In the entries below, find the line with "Integrator/1 -> beta_dot_sat/1" and the line with "Gain1/1 -> Add/1". Reproduce those two lines and every line between them exactly, and nothing more.

Data extracted from a collection
───
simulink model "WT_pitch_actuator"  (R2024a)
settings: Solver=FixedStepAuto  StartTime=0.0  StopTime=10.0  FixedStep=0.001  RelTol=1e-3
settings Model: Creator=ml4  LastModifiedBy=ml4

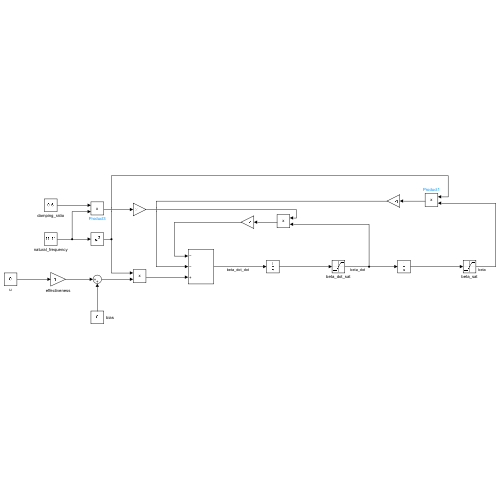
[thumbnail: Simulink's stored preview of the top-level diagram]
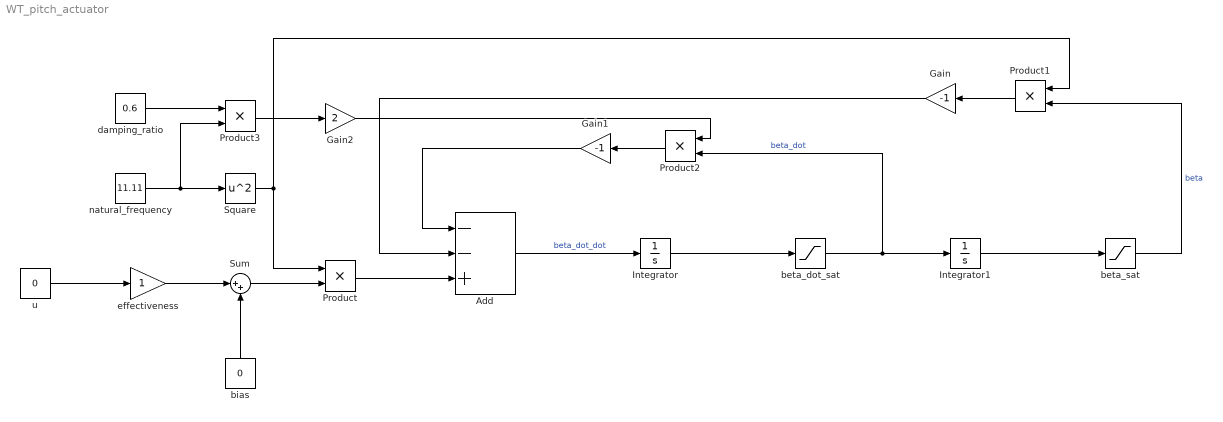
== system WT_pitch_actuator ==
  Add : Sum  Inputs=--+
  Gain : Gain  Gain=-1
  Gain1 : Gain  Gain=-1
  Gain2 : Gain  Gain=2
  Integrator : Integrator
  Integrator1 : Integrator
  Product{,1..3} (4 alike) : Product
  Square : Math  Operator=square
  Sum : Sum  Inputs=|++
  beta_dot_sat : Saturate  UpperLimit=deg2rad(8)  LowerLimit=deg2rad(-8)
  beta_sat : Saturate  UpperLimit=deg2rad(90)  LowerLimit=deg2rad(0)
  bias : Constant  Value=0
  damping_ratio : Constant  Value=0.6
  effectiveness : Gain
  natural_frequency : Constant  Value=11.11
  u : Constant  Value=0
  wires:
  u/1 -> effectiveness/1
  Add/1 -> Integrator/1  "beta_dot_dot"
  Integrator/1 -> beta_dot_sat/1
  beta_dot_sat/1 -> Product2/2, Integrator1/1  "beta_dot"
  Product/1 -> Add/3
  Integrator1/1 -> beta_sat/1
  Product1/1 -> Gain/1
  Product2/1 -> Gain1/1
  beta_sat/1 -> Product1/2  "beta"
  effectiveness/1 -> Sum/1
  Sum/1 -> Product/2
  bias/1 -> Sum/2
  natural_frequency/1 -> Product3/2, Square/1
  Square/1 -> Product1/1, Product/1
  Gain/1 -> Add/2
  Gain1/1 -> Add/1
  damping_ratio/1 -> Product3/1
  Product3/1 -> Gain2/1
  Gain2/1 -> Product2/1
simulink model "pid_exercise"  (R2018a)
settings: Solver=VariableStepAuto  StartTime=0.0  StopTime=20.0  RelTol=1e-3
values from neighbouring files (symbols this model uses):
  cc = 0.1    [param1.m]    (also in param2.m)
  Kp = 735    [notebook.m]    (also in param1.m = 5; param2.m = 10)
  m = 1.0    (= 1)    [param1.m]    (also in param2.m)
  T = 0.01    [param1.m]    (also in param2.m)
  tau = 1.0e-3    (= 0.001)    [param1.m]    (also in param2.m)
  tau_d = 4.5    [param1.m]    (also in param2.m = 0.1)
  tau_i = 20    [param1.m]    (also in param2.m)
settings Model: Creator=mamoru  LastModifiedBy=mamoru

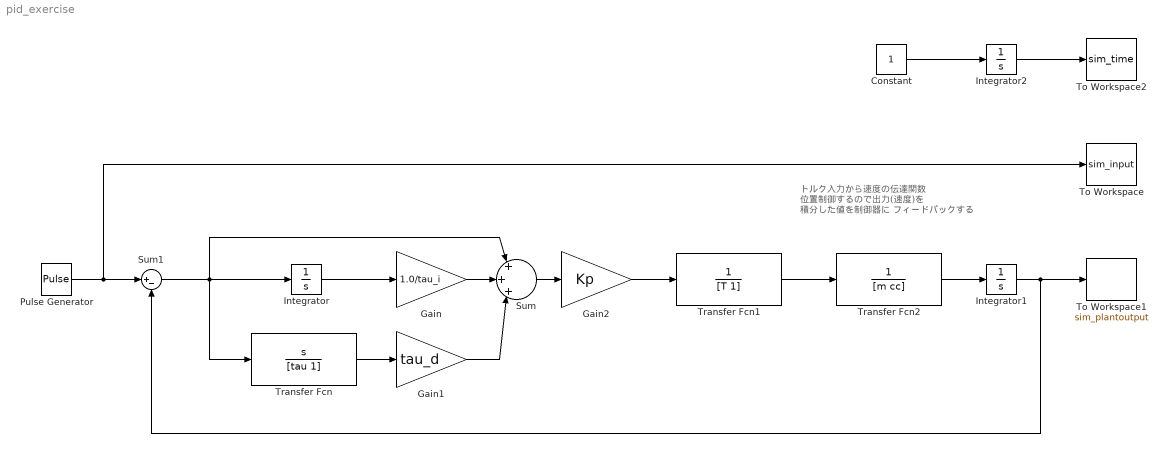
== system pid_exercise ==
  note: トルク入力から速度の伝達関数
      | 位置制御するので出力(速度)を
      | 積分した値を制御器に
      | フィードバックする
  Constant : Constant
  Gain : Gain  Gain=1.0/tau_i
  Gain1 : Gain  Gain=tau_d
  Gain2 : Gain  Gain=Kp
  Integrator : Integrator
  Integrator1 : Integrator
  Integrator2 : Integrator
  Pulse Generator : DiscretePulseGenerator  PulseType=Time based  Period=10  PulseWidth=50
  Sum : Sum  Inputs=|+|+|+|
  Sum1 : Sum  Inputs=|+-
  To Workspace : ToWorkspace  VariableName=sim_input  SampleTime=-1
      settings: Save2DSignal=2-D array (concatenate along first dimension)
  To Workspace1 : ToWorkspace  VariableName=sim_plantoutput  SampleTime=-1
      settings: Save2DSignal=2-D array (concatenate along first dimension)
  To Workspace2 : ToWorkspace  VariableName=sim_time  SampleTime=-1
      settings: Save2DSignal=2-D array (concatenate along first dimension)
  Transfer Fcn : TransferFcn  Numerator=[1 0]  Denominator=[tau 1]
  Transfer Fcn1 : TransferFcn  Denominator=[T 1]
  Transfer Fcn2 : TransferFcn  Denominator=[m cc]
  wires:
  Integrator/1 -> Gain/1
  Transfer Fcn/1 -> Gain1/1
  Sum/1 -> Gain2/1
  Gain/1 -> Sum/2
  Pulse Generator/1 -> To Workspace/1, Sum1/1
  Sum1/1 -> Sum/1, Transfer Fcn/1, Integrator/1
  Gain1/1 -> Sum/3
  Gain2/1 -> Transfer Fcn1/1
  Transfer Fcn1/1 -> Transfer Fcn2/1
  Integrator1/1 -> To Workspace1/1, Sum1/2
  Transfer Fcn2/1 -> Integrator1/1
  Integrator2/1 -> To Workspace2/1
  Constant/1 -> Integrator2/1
───
• _Exercise solution_:
  Integrator/1 -> beta_dot_sat/1
  beta_dot_sat/1 -> Product2/2, Integrator1/1  "beta_dot"
  Product/1 -> Add/3
  Integrator1/1 -> beta_sat/1
  Product1/1 -> Gain/1
  Product2/1 -> Gain1/1
  beta_sat/1 -> Product1/2  "beta"
  effectiveness/1 -> Sum/1
  Sum/1 -> Product/2
  bias/1 -> Sum/2
  natural_frequency/1 -> Product3/2, Square/1
  Square/1 -> Product1/1, Product/1
  Gain/1 -> Add/2
  Gain1/1 -> Add/1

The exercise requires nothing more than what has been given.